SEG-Y Rev 2 again: little-endian is legal!

Big news! Little-endian byte order is finally legal in SEG-Y files.

That's not all. I already spilled the beans on 64-bit floats. You can now have up to 18 quintillion traces (18 exatraces?) in a seismic line. And, finally, the hyphen confusion is cleared up: it's 'SEG-Y', with a hyphen. All this is spelled out in the new SEG-Y specification, Revision 2.0, which was officially released yesterday after at least five years in the making. Congratulations to Jill Lewis, Rune Hagelund, Stewart Levin, and the rest of the SEG Technical Standards Committee

Back up a sec: what's an endian?

Whenever you have to think about the order of bytes (the 8-bit chunks in a 'word' of 32 bits, for example) — for instance when you send data down a wire, or store bytes in memory, or in a file on disk — you have to decide if you're Roman Catholic or Church of England.

What?

It's not really about religion. It's about eggs.

In one of the more obscure satirical analogies in English literature, Jonathan Swift wrote about the ideological tussle between between two factions of Lilliputians in Gulliver's Travels (1726). The Big-Endians liked to break their eggs at the big end, while the Little-Endians preferred the pointier option. Chaos ensued.

Two hundred and fifty years later, Danny Cohen borrowed the terminology in his 1 April 1980 paper, On Holy Wars and a Plea for Peace — in which he positioned the Big-Endians, preferring to store the big bytes first in memory, against the Little-Endians, who naturally prefer to store the little ones first. Big bytes first is how the Internet shuttles data around, so big-endian is sometimes called network byte order. The drawing (right) shows how the 4 bytes in a 32-bit 'word' (the hexadecimal codes 0A, 0B, 0C and 0D) sit in memory.
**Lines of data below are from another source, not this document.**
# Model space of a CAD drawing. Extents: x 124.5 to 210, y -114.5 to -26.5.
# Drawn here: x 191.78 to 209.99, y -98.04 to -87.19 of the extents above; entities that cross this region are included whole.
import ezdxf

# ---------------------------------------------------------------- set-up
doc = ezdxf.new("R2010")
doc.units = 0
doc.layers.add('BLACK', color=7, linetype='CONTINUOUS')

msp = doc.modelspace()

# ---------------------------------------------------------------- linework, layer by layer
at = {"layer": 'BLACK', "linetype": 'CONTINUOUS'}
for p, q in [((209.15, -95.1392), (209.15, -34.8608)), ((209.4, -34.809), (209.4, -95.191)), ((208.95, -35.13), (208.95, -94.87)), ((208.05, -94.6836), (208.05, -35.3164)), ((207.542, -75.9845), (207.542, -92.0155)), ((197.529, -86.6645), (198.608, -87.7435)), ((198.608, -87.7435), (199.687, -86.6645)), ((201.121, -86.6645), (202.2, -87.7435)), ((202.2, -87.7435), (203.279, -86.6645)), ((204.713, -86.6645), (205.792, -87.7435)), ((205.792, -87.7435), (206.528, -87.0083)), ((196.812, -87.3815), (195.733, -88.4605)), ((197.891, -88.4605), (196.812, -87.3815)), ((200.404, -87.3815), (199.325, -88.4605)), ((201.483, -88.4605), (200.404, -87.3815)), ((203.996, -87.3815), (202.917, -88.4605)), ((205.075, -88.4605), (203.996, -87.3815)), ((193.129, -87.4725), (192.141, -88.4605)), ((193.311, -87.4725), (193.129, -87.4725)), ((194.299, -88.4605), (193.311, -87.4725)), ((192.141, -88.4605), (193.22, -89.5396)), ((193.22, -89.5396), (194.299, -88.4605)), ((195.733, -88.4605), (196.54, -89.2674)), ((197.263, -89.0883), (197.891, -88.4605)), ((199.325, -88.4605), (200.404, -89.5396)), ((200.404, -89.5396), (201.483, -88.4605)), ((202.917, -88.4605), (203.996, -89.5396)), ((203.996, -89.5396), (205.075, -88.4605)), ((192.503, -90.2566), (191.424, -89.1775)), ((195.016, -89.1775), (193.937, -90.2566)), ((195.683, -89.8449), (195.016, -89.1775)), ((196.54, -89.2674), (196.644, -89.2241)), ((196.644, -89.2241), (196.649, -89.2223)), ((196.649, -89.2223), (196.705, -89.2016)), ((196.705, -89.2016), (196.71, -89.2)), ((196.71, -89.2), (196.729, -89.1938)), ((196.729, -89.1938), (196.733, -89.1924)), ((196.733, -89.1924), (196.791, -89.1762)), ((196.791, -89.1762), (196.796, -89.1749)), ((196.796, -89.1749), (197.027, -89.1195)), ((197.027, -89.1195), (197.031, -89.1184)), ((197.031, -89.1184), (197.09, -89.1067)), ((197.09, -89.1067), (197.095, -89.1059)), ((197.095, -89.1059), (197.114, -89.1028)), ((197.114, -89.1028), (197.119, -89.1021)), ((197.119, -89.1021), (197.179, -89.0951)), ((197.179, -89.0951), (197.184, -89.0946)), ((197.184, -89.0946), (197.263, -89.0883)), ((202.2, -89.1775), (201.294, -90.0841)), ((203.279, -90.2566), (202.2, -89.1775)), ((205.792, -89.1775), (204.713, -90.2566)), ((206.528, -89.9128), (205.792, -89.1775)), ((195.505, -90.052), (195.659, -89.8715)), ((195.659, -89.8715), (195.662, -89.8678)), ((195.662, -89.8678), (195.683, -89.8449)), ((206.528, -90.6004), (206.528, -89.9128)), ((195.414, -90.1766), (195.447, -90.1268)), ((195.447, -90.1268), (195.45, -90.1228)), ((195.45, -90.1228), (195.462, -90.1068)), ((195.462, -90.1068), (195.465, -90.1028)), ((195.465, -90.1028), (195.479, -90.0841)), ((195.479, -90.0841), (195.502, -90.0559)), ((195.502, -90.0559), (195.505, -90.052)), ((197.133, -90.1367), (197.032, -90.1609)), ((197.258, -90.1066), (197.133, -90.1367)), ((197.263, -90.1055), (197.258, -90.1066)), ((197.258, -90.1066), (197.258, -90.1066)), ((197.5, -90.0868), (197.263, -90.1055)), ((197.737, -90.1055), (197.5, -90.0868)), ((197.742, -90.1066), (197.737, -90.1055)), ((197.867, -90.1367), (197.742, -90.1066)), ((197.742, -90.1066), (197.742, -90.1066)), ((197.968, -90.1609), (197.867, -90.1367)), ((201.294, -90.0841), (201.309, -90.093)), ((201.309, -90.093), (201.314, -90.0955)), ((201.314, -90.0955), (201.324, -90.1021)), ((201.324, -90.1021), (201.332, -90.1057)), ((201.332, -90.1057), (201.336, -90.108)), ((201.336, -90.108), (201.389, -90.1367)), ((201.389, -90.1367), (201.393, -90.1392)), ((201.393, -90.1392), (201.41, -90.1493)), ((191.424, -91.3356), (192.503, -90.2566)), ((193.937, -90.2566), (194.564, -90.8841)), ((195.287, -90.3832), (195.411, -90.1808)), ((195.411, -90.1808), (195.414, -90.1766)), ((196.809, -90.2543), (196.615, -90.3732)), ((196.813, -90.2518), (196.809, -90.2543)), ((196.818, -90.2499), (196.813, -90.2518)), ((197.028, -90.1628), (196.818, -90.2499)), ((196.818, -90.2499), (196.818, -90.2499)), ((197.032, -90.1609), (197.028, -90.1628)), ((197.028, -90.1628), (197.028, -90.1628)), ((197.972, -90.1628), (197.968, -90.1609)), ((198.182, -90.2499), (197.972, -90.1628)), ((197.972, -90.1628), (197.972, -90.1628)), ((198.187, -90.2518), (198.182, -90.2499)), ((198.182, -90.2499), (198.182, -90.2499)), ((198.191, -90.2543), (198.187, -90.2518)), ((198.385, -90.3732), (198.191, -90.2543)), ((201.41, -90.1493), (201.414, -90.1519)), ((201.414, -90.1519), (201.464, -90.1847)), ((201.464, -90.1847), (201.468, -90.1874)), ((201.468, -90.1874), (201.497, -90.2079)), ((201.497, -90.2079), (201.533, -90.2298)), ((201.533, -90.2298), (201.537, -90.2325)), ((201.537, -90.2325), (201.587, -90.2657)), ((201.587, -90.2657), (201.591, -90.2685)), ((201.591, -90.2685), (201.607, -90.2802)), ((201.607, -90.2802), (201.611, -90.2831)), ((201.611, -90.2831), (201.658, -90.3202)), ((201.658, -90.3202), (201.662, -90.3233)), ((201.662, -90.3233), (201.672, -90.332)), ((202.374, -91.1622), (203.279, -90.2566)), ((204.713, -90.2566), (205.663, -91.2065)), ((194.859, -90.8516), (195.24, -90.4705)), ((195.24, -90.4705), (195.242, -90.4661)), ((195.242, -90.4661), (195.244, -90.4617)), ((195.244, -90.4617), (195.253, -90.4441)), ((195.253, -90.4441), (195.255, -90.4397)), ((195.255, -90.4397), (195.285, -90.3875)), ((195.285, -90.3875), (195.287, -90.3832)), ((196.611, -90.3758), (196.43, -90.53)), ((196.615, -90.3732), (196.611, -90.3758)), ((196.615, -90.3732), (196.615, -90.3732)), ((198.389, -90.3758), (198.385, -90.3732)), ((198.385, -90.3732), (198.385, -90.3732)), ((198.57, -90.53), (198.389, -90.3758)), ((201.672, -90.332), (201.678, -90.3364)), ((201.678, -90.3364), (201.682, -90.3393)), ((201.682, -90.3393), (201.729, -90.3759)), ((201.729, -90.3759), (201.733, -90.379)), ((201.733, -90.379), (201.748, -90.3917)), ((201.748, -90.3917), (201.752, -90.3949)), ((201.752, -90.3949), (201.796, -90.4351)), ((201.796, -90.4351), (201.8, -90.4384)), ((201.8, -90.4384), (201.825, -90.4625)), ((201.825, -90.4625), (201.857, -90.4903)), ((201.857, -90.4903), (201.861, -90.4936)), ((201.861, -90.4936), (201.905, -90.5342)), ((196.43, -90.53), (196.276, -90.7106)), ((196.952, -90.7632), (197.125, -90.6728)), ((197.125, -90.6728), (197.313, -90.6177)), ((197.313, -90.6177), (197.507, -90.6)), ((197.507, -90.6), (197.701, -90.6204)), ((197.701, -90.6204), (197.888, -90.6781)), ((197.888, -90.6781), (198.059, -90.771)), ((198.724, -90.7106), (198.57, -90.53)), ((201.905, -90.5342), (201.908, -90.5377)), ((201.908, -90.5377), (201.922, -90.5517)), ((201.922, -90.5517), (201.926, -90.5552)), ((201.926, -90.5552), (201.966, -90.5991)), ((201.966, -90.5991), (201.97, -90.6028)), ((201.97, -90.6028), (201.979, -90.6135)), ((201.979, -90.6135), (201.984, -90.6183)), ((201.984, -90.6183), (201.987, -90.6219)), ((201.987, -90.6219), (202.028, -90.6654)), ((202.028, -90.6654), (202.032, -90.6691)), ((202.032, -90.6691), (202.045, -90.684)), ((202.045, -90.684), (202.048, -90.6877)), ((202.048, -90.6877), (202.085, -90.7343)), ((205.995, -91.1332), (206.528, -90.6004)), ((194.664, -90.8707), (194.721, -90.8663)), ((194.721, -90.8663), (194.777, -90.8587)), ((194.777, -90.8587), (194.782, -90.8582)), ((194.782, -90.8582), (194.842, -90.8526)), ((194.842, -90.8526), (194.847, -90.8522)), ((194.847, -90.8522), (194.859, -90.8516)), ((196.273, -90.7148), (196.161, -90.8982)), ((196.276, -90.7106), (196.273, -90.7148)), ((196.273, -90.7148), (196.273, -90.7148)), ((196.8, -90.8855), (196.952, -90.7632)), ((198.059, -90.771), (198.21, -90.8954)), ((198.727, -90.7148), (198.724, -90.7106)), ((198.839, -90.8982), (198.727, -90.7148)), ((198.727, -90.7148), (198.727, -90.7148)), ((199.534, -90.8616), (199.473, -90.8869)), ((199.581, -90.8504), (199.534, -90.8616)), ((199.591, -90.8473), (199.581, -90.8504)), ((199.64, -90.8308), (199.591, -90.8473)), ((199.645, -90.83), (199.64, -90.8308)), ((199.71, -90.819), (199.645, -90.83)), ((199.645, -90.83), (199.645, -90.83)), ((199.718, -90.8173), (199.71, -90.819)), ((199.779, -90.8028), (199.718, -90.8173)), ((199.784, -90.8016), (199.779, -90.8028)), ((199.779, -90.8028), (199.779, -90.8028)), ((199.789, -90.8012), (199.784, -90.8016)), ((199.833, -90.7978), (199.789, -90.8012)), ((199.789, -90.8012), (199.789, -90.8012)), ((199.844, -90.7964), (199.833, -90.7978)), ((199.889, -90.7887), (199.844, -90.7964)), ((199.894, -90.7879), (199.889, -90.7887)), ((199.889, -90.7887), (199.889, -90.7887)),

Because we write ordinary numbers big-endian style — 2017 has the thousands first, the units last — big-endian might seem intuitive. Then again, lots of people write dates as, say, 31-03-2017, which is analogous to little-endian order. Cohen reviews the computational considerations in his paper, but really these are just conventions. Some architectures pick one, some pick the other. It just happens that the x86 architecture that powers most desktop and laptop computers is little-endian, so people have been illegally (and often accidentally) writing little-endian SEG-Y files for ages. Now it's actually allowed.

Still other byte orders are possible. Some processors, notably ARM and other RISC architectures, are middle-endian (aka mixed endian or bi-endian). You can think of this as analogous to the month-first American date format: 03-31-2017. For example, the two halves of a 32-bit word might be reversed compared to their 'pure' endian order. I guess this is like breaking your boiled egg in the middle. Swift did not tell us which religious denomination these hapless folks subscribe to.

OK, that's enough about byte order

I agree. So I'll end with this handy SEG-Y cheatsheet. Click here for the PDF.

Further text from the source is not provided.